I am a little obsessed with picking out my own fonts, and coding my blog enteries. I am pretty much turning into a high level nerd. I kept picturing things with HTML tags around it.
But back to my main point, that I haven't started yet. I was thinking about the tremendous benefits of having students of ALL types in the classroom. Some would argue that students who are "differently abled" should only be allowed in a mainstream classroom if they can match pace with their peers. But when has ANYONE ever been able to "match pace" with their peers? I know, I never have.
In the grand scheme of things, we are ALL differently abled. My husband can solve sums in his head WICKED fast without any errors. It takes me a pencil, paper and a lot more time. We both arrive at the same answer, but not at the same time. I can whip out a story or paper WICKED fast, but it takes him more time, but we both are writers.
One of the down sides of having a school system built on the assembly-line model, is that people aren't car parts. You cannot just do the same thing over and over and expect a perfectly educated child to pop out at the end of that line. Each human is unique with their own natural interests; their own strengths and weaknesses. I don't even like calling them weaknesses. As my good friends at Khan Academy would say: There are some things that I learn quickly, and other things that I learn slowly, but I can learn anything -- just give me time.
Which brings me back to students who are designated SPED (special education). When I was in school SPED students never interacted with mainstream students. They had separate classes in separate rooms. I recognize now, I missed out on a lot. Students who are designated SPED are students who deserve an education like any other student. What is more they bring so much to the classroom. Recognition of their unique learning patterns opens the door to conversation about everyone's learning patterns. My class and I have spent a lot of time talking about the things that cause us stress or anxiety and how we deal with it. We've talked about ways that we can help each other when those moments come.
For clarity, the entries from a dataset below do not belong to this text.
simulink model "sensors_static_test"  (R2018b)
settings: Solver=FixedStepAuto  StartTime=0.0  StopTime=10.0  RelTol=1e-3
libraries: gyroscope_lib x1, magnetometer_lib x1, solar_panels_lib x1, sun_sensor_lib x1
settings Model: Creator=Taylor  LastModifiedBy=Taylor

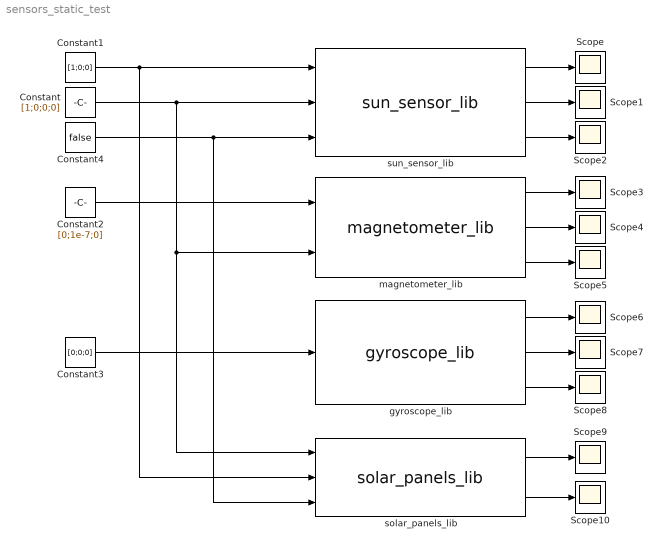
== system sensors_static_test ==
  Constant : Constant  Value=[1;0;0;0]
  Constant1 : Constant  Value=[1;0;0]
  Constant2 : Constant  Value=[0;1e-7;0]
  Constant3 : Constant  Value=[0;0;0]
  Constant4 : Constant  Value=false  OutDataTypeStr=boolean
  Scope{,1..10} (11 alike) : Scope
  gyroscope_lib : gyroscope_lib/gyroscope_lib  id_s=1
  magnetometer_lib : magnetometer_lib/magnetometer_lib  id_s=1
  solar_panels_lib : solar_panels_lib/solar_panels_lib  SystemSampleTime=-1
  "sun_sensor_lib " : sun_sensor_lib/sun_sensor_lib   SystemSampleTime=-1
  wires:
  Constant/1 -> solar_panels_lib/1, magnetometer_lib/2, "sun_sensor_lib "/2
  Constant1/1 -> solar_panels_lib/2, "sun_sensor_lib "/1
  Constant2/1 -> magnetometer_lib/1
  Constant3/1 -> gyroscope_lib/1
  "sun_sensor_lib "/1 -> Scope/1
  "sun_sensor_lib "/2 -> Scope1/1
  "sun_sensor_lib "/3 -> Scope2/1
  magnetometer_lib/1 -> Scope3/1
  magnetometer_lib/2 -> Scope4/1
  magnetometer_lib/3 -> Scope5/1
  gyroscope_lib/1 -> Scope6/1
  gyroscope_lib/2 -> Scope7/1
  gyroscope_lib/3 -> Scope8/1
  solar_panels_lib/1 -> Scope9/1
  solar_panels_lib/2 -> Scope10/1
  Constant4/1 -> solar_panels_lib/3, "sun_sensor_lib "/3
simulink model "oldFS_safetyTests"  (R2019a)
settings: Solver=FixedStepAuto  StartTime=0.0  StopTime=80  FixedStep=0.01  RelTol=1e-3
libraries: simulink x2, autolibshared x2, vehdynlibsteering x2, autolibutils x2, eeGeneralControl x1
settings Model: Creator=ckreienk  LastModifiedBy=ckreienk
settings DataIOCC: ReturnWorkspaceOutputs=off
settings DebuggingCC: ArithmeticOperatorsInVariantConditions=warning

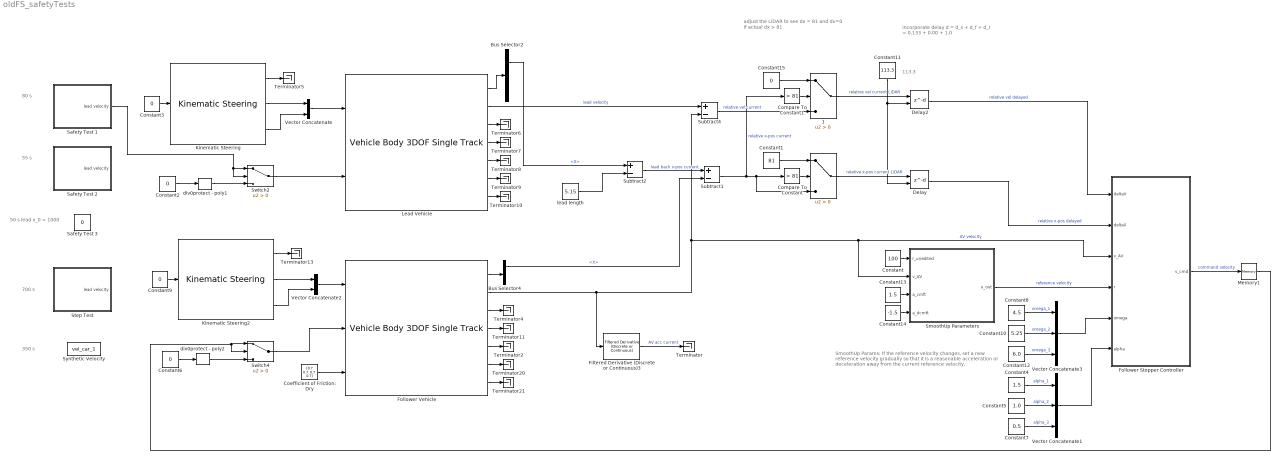
== system oldFS_safetyTests ==
  note: 113.3
  note: incorporate delay
      | d = d_s + d_f + d_r
      | = 0.133 + 0.00 + 1.0
  note: adjust the LiDAR to see
      | dx = 81 and dv=0
      | if actual dx > 81
  note: SmoothUp Params:
      | If the reference velocity changes,
      | set a new reference velocity gradually
      | so that it is a reasonable acceleration
      | or deceleration away from the current
      | reference velocity.
  note: 50 s
      | lead x_0 = 1000
  note: 80 s
  note: 700 s
  note: 350 s
  note: 55 s
  " " : Switch  Criteria=u2 > Threshold
  " 1" : Switch  Criteria=u2 > Threshold
  Bus Selector2 : BusSelector  OutputSignals=InertFrm.Geom.Disp.X,InertFrm.Geom.Disp.Y
  Bus Selector4 : BusSelector  OutputSignals=InertFrm.Geom.Disp.X,InertFrm.Geom.Disp.Y
  Coefficient of Friction: Dry : Constant  Value=[0.7 0.7; 0.7 0.7]
  Compare To Constant : simulink/Logic and Bit Operations/Compare To Constant  relop=>  const=81  OutDataTypeStr=boolean
  Compare To Constant1 : simulink/Logic and Bit Operations/Compare To Constant  relop=>  const=81  OutDataTypeStr=boolean
  Constant : Constant  Value=100
  Constant1 : Constant  Value=81
  Constant10 : Constant  Value=5.25
  Constant11 : Constant  Value=113.3
  Constant12 : Constant  Value=6.0
  Constant13 : Constant  Value=1.5
  Constant14 : Constant  Value=-1.5
  Constant{2..3,6,9,15} (5 alike) : Constant  Value=0
  Constant4 : Constant  Value=1.5
  Constant5 : Constant  Value=1.0
  Constant7 : Constant  Value=0.5
  Constant8 : Constant  Value=4.5
  Delay : Delay  DelayLengthSource=Input port  DelayLength=183
      settings: InputPortMap=u0,p1
  Delay2 : Delay  DelayLengthSource=Input port  DelayLength=183
      settings: InputPortMap=u0,p1
  Filtered Derivative (Discrete or Continuous)3 : eeGeneralControl/Filtered Derivative (Discrete or Continuous)  K=1  T=0.1  B=20  A=-20  minRatio=10  Ts=-1
      settings: SourceProductName=Simscape Electrical  SourceProductBaseCode=PS
  Follower Stopper Controller : Subsystem
  Follower Vehicle : autolibshared/Vehicle Body 3DOF Single Track  trackMode=Dual  inputMode=External longitudinal velocity  frontSteerMode=on  rearSteerMode=off  windMode=off  muMode=on  extFMode=off  extMMode=off  extXo=off  extpsio=off  extxdoto=off  extro=off  extYo=off  extTamb=off  extydoto=off  aMode=2  NF=2  NR=2  m=2000  a=1.4  b=1.6  h=0.35  X_o=0  xdot_o=0  CalphaMode=off  sigmaMode=on  d=0  w=[1.4,1.4]  Cy_f=12e3  Cy_r=11e3  sigma_f=.1  sigma_r=.1  alpha_f_brk=[-.1 .1]  Cy_f_data=[-9e3 9e3]  alpha_r_brk=[-.1 .1]  Cy_r_data=[-9e3 9e3]  Y_o=0  ydot_o=0  Izz=4000  psi_o=0  r_o=0  Af=2  Cd=.3  Cl=.1  Cpm=.1  beta_w=[0:0.01:0.3]  Cs=[0:0.03:0.9]  Cym=[0:0.01:0.3]  Pabs=101325  Tair=273  g=9.81  mu=1  xdot_tol=.01  Fznom=5000  Fxtire_sat=7e4  Fytire_sat=7e4  longOff=0  latOff=0  vertOff=0  wrapAng=off
      settings: SourceProductName=Powertrain Blockset  SourceProductBaseCode=PW
  Kinematic Steering : vehdynlibsteering/Kinematic Steering  StrgType=Ackerman  StrgRatioType=Constant  Loc=Front  NrmlFctr=0.01  TrckWdth=1  WhlBase=1.524  Db=0  StrgRng=1.25*pi  StrgAngBpts="[-6.2832   -5.0265   -3.7699   -2.5133   -1.2566         0    1.2566    2.5133    3.7699    5.0265    6.2832]"  StrgRatioTbl=|  StrgRatio=100  StrgArmLngth=0.1  RckCsLngth=0.5  TieRodLngth=0.248  D=0.2  PnnRadius=0.0057  PnnRadiusTbl="[0.0055    0.0055    0.0056    0.0057    0.0058    0.0057    0.0057    0.0057    0.0056    0.0055    0.0055]"  RodLngth=0.1  ParaArmLngth=0.9  aMode=2
      | [13.5000   13.3750   13.2500   13.1250   13.0000   13.0000   13.0000   13.1250   13.2500   13.3750   13.5000
      | ]
      settings: SourceProductName=Vehicle Dynamics Blockset
  Kinematic Steering2 : vehdynlibsteering/Kinematic Steering  StrgType=Ackerman  StrgRatioType=Constant  Loc=Front  NrmlFctr=0.01  TrckWdth=1  WhlBase=1.524  Db=0  StrgRng=1.25*pi  StrgAngBpts="[-6.2832   -5.0265   -3.7699   -2.5133   -1.2566         0    1.2566    2.5133    3.7699    5.0265    6.2832]"  StrgRatioTbl=|  StrgRatio=100  StrgArmLngth=0.1  RckCsLngth=0.5  TieRodLngth=0.248  D=0.2  PnnRadius=0.0057  PnnRadiusTbl="[0.0055    0.0055    0.0056    0.0057    0.0058    0.0057    0.0057    0.0057    0.0056    0.0055    0.0055]"  RodLngth=0.1  ParaArmLngth=0.9  aMode=2
      | [13.5000   13.3750   13.2500   13.1250   13.0000   13.0000   13.0000   13.1250   13.2500   13.3750   13.5000
      | ]
      settings: SourceProductName=Vehicle Dynamics Blockset
  Lead Vehicle : autolibshared/Vehicle Body 3DOF Single Track  trackMode=Dual  inputMode=External longitudinal velocity  frontSteerMode=on  rearSteerMode=off  windMode=off  muMode=off  extFMode=off  extMMode=off  extXo=off  extpsio=off  extxdoto=off  extro=off  extYo=off  extTamb=off  extydoto=off  aMode=2  NF=2  NR=2  m=2000  a=1.4  b=1.6  h=0.35  X_o=10  xdot_o=0  CalphaMode=off  sigmaMode=on  d=0  w=[1.4,1.4]  Cy_f=12e3  Cy_r=11e3  sigma_f=.1  sigma_r=.1  alpha_f_brk=[-.1 .1]  Cy_f_data=[-9e3 9e3]  alpha_r_brk=[-.1 .1]  Cy_r_data=[-9e3 9e3]  Y_o=0  ydot_o=0  Izz=4000  psi_o=0  r_o=0  Af=2  Cd=.3  Cl=.1  Cpm=.1  beta_w=[0:0.01:0.3]  Cs=[0:0.03:0.9]  Cym=[0:0.01:0.3]  Pabs=101325  Tair=273  g=9.81  mu=1  xdot_tol=.01  Fznom=5000  Fxtire_sat=7e4  Fytire_sat=7e4  longOff=0  latOff=0  vertOff=0  wrapAng=off
      settings: SourceProductName=Powertrain Blockset  SourceProductBaseCode=PW
  Memory1 : Memory
  Safety Test 1 : Subsystem
  Safety Test 2 : Subsystem
  Safety Test 3 : Constant  Value=0
  SmoothUp Parameters : MATLAB Function  TreatAsAtomicUnit=on
  Step Test : Subsystem
  Subtract1 : Sum  Inputs=+-
  Subtract2 : Sum  Inputs=+-
  Subtract4 : Sum  Inputs=+-
  Switch2 : Switch  Criteria=u2 > Threshold
  Switch4 : Switch  Criteria=u2 > Threshold
  Synthetic Velocity : FromWorkspace  VariableName=vel_car_1
  Terminator{,2,4..11,13,20..21} (13 alike) : Terminator
  Vector Concatenate : Concatenate
  Vector Concatenate1 : Concatenate  NumInputs=3
  Vector Concatenate2 : Concatenate
  Vector Concatenate3 : Concatenate  NumInputs=3
  div0protect - poly1 : autolibutils/div0protect - poly  thresh=1e-3  aMode=2
      settings: SourceProductName=Powertrain Blockset  SourceProductBaseCode=PW
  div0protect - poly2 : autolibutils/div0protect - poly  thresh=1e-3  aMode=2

We've created a community system of support.
My students LOVE a website we use called Quizziz. I create a quiz and they all log in and take it. It plays funky music, and shows them a funny meme after they answer each question. It can also display their ranking with the rest of the quiz takers after each response. Are they moving up in rank or down? This causes a good portion of my class a lot of stress. For some of my students displaying the Leaderboard actually HINDERS their ability to learn. As a class, we determined that displaying the leaderboard isn't worth the stress it causes some of the students. We determined that the emotional needs of our classmates was more important than seeing the number 1 next to your own name. Those who thrived on seeing their name at the top of the list were able to set aside their own personal preference for their classmates. That is significant. What's more, those who found the leaderboard stressful also recognized how much enjoyment using the leaderboard brought some of the other students in the class. "Maybe we could just use the leaderboard once in awhile." They suggested. "Some kids really like it."
This kind of learning is so important. It is learning to develop a collaborative awareness of the people around you. It is a compassionate understanding of one another's learning styles and needs. It only happens in classrooms that are consciously working on building a community. It doesn't happen on accident and it isn't the result of an assemblyline.
Recently, a new student was moved into our class. Her mother informed me that tests cause her a great deal of stress. She was hoping that I would notify her before tests so that they could prepare for them. I wholeheartedly agreed. When the first test rolled around, our new student was shocked to discover that my students and I talk about the stress of test-taking. "What can we do to make sure that this test is a comfortable experience?" I asked them, as I often do. "Would you like it on the computer, or do you need a paper-version? If you want paper, try and let me know ahead of time so I can print it out, but if you decide last minute you need paper, I can still do it. You just might have to wait a few minutes." We talk about sitting where we feel comfortable, and using pens or pencils that we like. We talk about taking calming breaths, and communicating with your teacher when you feel really overwhelmed. "Sometimes, it is just too much." I tell them. "I don't want you taking your test if you are feeling that way. You won't do your best, and I want you to show me how much you've learned. I want you to shine." Our new student got an 80 on their first test, and her mother told me. "She wasn't really stressed out. She said it was all pretty mellow."
Some of my students sit quietly in their chairs. Some stand. Some sit on the floor, but all of them respoond and participate in discussions. All of them are a part of learning community. These are not modifications that I made because of the "speical" needs of a "special" child. They are modifications that are made because all children are unique, and in the world of the classroom, we are, everyone of us, differently abled.
I want to celebrate my students for who they are, and encourage them to pursue those things that fill them with curiousity and joy. I want to open wide the doors of possiblity, and let them step into evey single one, until, memsmerized by the distant horizon, they break into a run to pursue those things buried deep in their hearts.